Even when I'm in a phase of my my life where I'm trying to say "no" to more engagements, this one was a no-brainer. I've been a fan of the Simpsons ever since the Tracey Ullman show days. In college I owned a recorded-from-tv video collection of every season from 4 through 12 (what I'd consider the golden age of the Simpsons) and watched it in its entirety multiple times a year. True, I haven't seen the more recent seasons (it's up to 36 now. 36!), but it's safe to say that Springfield holds a special place in my heart.
To be fair, our appearance in the show is less than a cameo–we appear for a few moments in the background on a poster as Homer and Fat Tony are chatting–but... to be Simpsonized feels like I've entered a new, more animated phase of life. I felt as giddy as Lisa discovering Paul McCartney's secret garden behind the non-alcoholic beer fridge at the Kwik-E-Mart (a gag that would not work today given the popularity of non-alcoholic brews these days.)
The episode, called Stew Lies, centers around Homer and Fat Tony and features a flashback in which Tony, then a member of the Prussian mob, inherits his adoptive mob-boss fathers' recipe for a dish called The Stew of Violence.
Having been the chef at a German beer hall, I was tasked with coming up with a suitable recipe. The recipe was going to be shown in its entirety on the show on a slip of paper handed to Fat Tony, which meant that it actually had to work for folks with fast enough fingers to pause it on the correct frame.

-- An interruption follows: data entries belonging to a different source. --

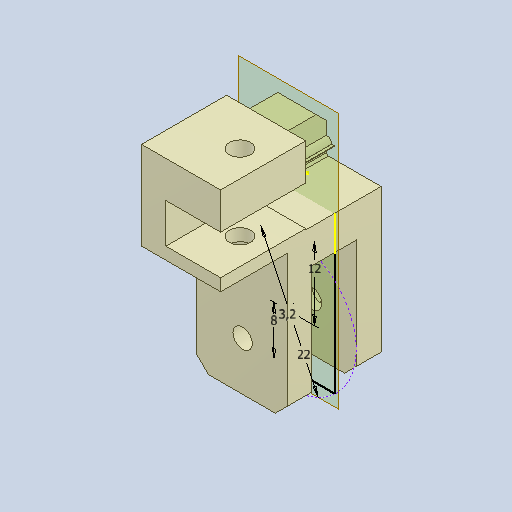
# Autodesk Inventor part: ограничитель
Saved by Autodesk Inventor 2023.1 (Build 271208000, 208)
## iProperties
Created: 2025-12-22
Part Number: ограничитель
Material: Полипропилен
Document SubType Name: Modeling
Designer: DELL
Density: 0.899 g/cm^3
Appearance: Гладкий — пепельный
Author: DELL
Autodesk Inventor part; units mm, degrees
ref_plane "YZ Plane" through (0, 0, 0) normal (1, 0, 0) x (0, 1, 0)
ref_plane "XZ Plane" through (0, 0, 0) normal (0, 1, 0) x (-1, 0, 0)
ref_plane "XY Plane" through (0, 0, 0) normal (0, 0, 1) x (1, 0, 0)
sketch "Эскиз2" plane through (0, 0, 0) normal (0, 0, 1) x (1, 0, 0)
  line L0 (-4.5, 3.25) -> (4.5, 3.25)
  line L1 (4.5, 3.25) -> (4.5, -3.25)
  line L2 (4.5, -3.25) -> (-4.5, -3.25)
  line L3 (-4.5, -3.25) -> (-4.5, 3.25)
  line L4 (-4.5, 3.25) -> (4.5, -3.25) construction
  line L5 (4.5, 3.25) -> (-4.5, -3.25) construction
  line L6 (8.5, 9.25) -> (4.5, 9.25) construction
  line L7 (-8.5, 9.25) -> (-8.5, -5.25)
  line L8 (-8.5, -5.25) -> (4.5, -5.25)
  line L9 (8.5, -5.25) -> (8.5, 9.25) construction
  line L10 (4.5, 3.25) -> (4.5, 9.25)
  line L11 (4.5, -3.25) -> (4.5, -5.25)
  line L12 (4.5, 9.25) -> (-8.5, 9.25)
  line L13 (4.5, -5.25) -> (8.5, -5.25) construction
  point P0 (0, 0)
  dimension "d0" = 9
  dimension "d1" = 6.5
  dimension "d2" = 6
  constraints: 28 end point, 7 parallel, 7 perpendicular, 2 midpoint, 1 horizontal
  measures "d0" distance of L1.end L2.end
  measures "d1" distance of L0.end L1.end
  measures "d2" distance between parallel lines of L0 L6
extrude "Выдавливание1" add sketch "Эскиз2" along normal blind 14 contours L3 L2 L11 L8 L7 L12 L10 L0
sketch "Эскиз3" plane through (-8.5, 9.25, 0) normal (0, 1, 0) x (1, 0, 0)
  line L0 (13, 0) -> (0, 0) construction
  circle A0 centre (8.695, -6.5) radius 1.75
  line L1 (13, 0) -> (13, -14) projected
  point P0 (8.5, 0)
  dimension "d5" = 3.5
  dimension "d9" = 4.305
  constraints: 1 centre point
  measures "d5" diameter of A0
  measures "d9" distance from line of L1 A0.centre
extrude "Выдавливание2" cut sketch "Эскиз3" against normal blind 20
sketch "Эскиз4" plane through (0, 0, 0) normal (0, 0, -1) x (-1, 0, 0)
  line L0 (2.9551, -1.2625) -> (2.9551, -1.7625) construction
  line L1 (2.9551, -1.7625) -> (3.4551, -1.7625) construction
  arc A0 (3.4551, -1.7625) -> (4.305, -2.445) centre (4.405, -1.45) ccw construction
  line L2 (4.305, -2.445) -> (4.305, -3.05) construction
  line L3 (4.305, -3.05) -> (4.105, -3.25) construction
  line L4 (4.105, -3.25) -> (-4.495, -3.25) construction
  line L5 (-4.495, -3.25) -> (-4.695, -3.05) construction
  line L6 (-4.695, -3.05) -> (-4.695, -2.445) construction
  arc A1 (-4.695, -2.445) -> (-3.8451, -1.7625) centre (-4.795, -1.45) ccw construction
  line L7 (-3.8451, -1.7625) -> (-3.3451, -1.7625) construction
  line L8 (-3.3451, -1.7625) -> (-3.3451, -1.2625) construction
  line L9 (-3.3451, -1.2625) -> (-3.8127, -1.2625) construction
  arc A2 (-3.8127, -1.2625) -> (-4.695, -0.455) centre (-4.795, -1.45) ccw construction
  line L10 (-4.695, -0.455) -> (-4.695, 3.05) construction
  line L11 (-4.695, 3.05) -> (-4.495, 3.25) construction
  line L12 (-4.495, 3.25) -> (4.105, 3.25) construction
  line L13 (4.105, 3.25) -> (4.305, 3.05) construction
  line L14 (4.305, 3.05) -> (4.305, -0.455) construction
  arc A3 (4.305, -0.455) -> (3.4227, -1.2625) centre (4.405, -1.45) ccw construction
  line L15 (3.4227, -1.2625) -> (2.9551, -1.2625) construction
  line L16 (4.1878, 3.45) -> (-4.5778, 3.45) construction
  line L17 (-4.5778, 3.45) -> (-4.895, 3.1328) construction
  line L18 (-4.895, 3.1328) -> (-4.895, -0.6563) construction
  arc A4 (-3.9951, -1.4625) -> (-4.895, -0.6563) centre (-4.795, -1.45) ccw construction
  line L19 (-3.9951, -1.4625) -> (-3.5451, -1.4625) construction
  line L20 (-3.5451, -1.4625) -> (-3.5451, -1.5625) construction
  line L21 (-3.5451, -1.5625) -> (-4.0029, -1.5625) construction
  arc A5 (-4.895, -2.2437) -> (-4.0029, -1.5625) centre (-4.795, -1.45) ccw construction
  line L22 (-4.895, -2.2437) -> (-4.895, -3.1328) construction
  line L23 (-4.895, -3.1328) -> (-4.5778, -3.45) construction
  line L24 (-4.5, -3.45) -> (4.1878, -3.45)
  line L25 (4.1878, -3.45) -> (4.505, -3.1328)
  line L26 (4.505, -3.1328) -> (4.505, -2.2437)
  arc A6 (3.6129, -1.5625) -> (4.505, -2.2437) centre (4.405, -1.45) ccw
  line L27 (3.6129, -1.5625) -> (3.1551, -1.5625)
  line L28 (3.1551, -1.5625) -> (3.1551, -1.4625)
  line L29 (3.1551, -1.4625) -> (3.6051, -1.4625)
  arc A7 (4.505, -0.6563) -> (3.6051, -1.4625) centre (4.405, -1.45) ccw
  line L30 (4.505, -0.6563) -> (4.505, 3.1328)
  line L31 (4.505, 3.1328) -> (4.1878, 3.45)
  line L32 (4.1878, 3.45) -> (8.5, 3.45)
  line L33 (8.5, 9.25) -> (8.5, -5.25) projected
  line L34 (-4.5, -5.25) -> (-4.5, -3.25) projected
  line L35 (-4.5, -3.45) -> (-4.5, -29.05)
  line L36 (-4.5, -29.05) -> (10.5, -29.05)
  line L37 (10.5, -29.05) -> (10.5, 3.45)
  line L38 (10.5, 3.45) -> (8.5, 3.45)
  point P0 (0, 0)
  dimension "d10" = 0.2
  dimension "d12" = 4.3122
  dimension "d13" = 15
  constraints: 74 end point, 16 point on circle, 8 centre point, 8 horizontal, 6 vertical, 2 perpendicular, 2 point on line, 1 collinear, 49 other
  measures "d10" distance between parallel lines of L12 L16
  measures "d12" distance of L16.start L32.end
  measures "d13" distance of L35.end L36.end
extrude "Выдавливание3" add sketch "Эскиз4" along normal blind 12.4 and the other way blind 3
chamfer "Фаска1" distance 2 angle 45 1 edges at (-8.5, 3.45, 1.5)
chamfer "Фаска2" distance 2 angle 45 2 edges at (-9.5, 3.45, 0) (-6.3439, 3.45, 0)
chamfer "Фаска3" distance 2 angle 45 2 edges at (-8.5, 4.4499, 3) (-8.5, -0.9, 3)
ref_plane "РабПлоскость1" through (0, 0, -4.7) normal (0, 0, -1) x (-1, 0, 0)
sketch "Эскиз5" plane through (0, 0, -4.7) normal (0, 0, -1) x (-1, 0, 0)
  circle A0 centre (2.8764, -21.05) radius 11 construction
  line L0 (-4.5, -29.05) -> (10.5, -29.05) construction
  circle A1 centre (2.8764, -21.05) radius 1.6
  line L1 (10.5, -29.05) -> (10.5, 3.45) projected
  line L2 (10.5, -29.05) -> (10.5, -9.05)
  line L3 (10.5, -9.05) -> (-4.5, -9.05)
  line L4 (-4.5, -3.45) -> (-4.5, -29.05) projected
  line L5 (-4.5, -9.05) -> (-4.5, -29.05)
  line L6 (-4.5, -29.05) -> (10.5, -29.05)
  point P0 (0, 0)
  dimension "d27" = 22
  dimension "d28" = 8
  dimension "d29" = 3.2
  dimension "d30" = 12
  constraints: 8 end point, 2 centre point, 2 perpendicular, 2 point on line, 1 coincident, 1 collinear
  measures "d27" diameter of A0
  measures "d28" distance from line of A0.centre L0
  measures "d29" diameter of A1
  measures "d30" distance from line of L3 A1.centre
extrude "Выдавливание4" cut sketch "Эскиз5" along normal mid plane 7.4
extrude "Выдавливание5" cut sketch "Эскиз5" along normal mid plane 20 contours A1
sketch "Эскиз6" plane through (0, 0, -12.4) normal (0, 0, -1) x (-1, 0, 0)
  circle A0 centre (2.8764, -21.05) radius 1.6 construction
  circle A1 centre (2.8764, -21.05) radius 1.6 projected
  line L0 (4.5507, -23.95) -> (1.2021, -23.95)
  line L1 (1.2021, -23.95) -> (-0.4722, -21.05)
  line L2 (-0.4722, -21.05) -> (1.2021, -18.15)
  line L3 (1.2021, -18.15) -> (4.5507, -18.15)
  line L4 (4.5507, -18.15) -> (6.2251, -21.05)
  line L5 (6.2251, -21.05) -> (4.5507, -23.95)
  line L6 (-4.5, -29.05) -> (10.5, -29.05) projected
  point P0 (0, 0)
  dimension "d35" = 5.8
  constraints: 12 end point, 1 coincident, 1 parallel, 13 other
  measures "d35" distance between parallel lines of L0 L3
extrude "Выдавливание6" cut sketch "Эскиз6" against normal blind 2.4
chamfer "Фаска4" distance 2 angle 45 5 edges at (-10.5, -29.05, -10.4) (-10.5, -29.05, 1) (4.5, -29.05, 1) (4.5, -29.05, -10.4) (-7.3439, 3.45, -12.4)

What I landed on was a meaty stew flavored with ingredients you'd typically find in German sauerbraten: dry red wine and vinegar (or black currant wine and Kobold blood according to the recipe as shown in the show), sugar, and warm spices like ginger and allspice giving it a sweet-and-sour flavor that balances nicely with the rich savoriness of the reduced braising liquid. Sauerbraten is typically made with beef rump roast, but in honor of early season Bart, I decided not to have a cow (man), and went with pork instead.
Here is the recipe, adapted for home cooks without access to neither Kobold blood, black currant wine, nor deer from deep in the heart of the Romincka Forest.
The recipe itself is fairly simple. Though it's a bit time consuming, most of that time is hands-off, and you get a home filled with delicious aromas as it cooks.
The only real tricky bit is making sure that the pork is neither under- nor over-cooked. For a long time, I was under the impression that braised meats could not be overcooked. That if the meat was imperfect in any way, the key was to just keep cooking it.
I've since seen the error of my ways. Just like with roasting or barbecue or pan-searing, braised meats have a specific window of doneness during which they are ideal. Undercooked braised meats will have a springy, chewy texture as the tough connective tissue in it has not had enough time to convert to tender, mouth-coating gelatin.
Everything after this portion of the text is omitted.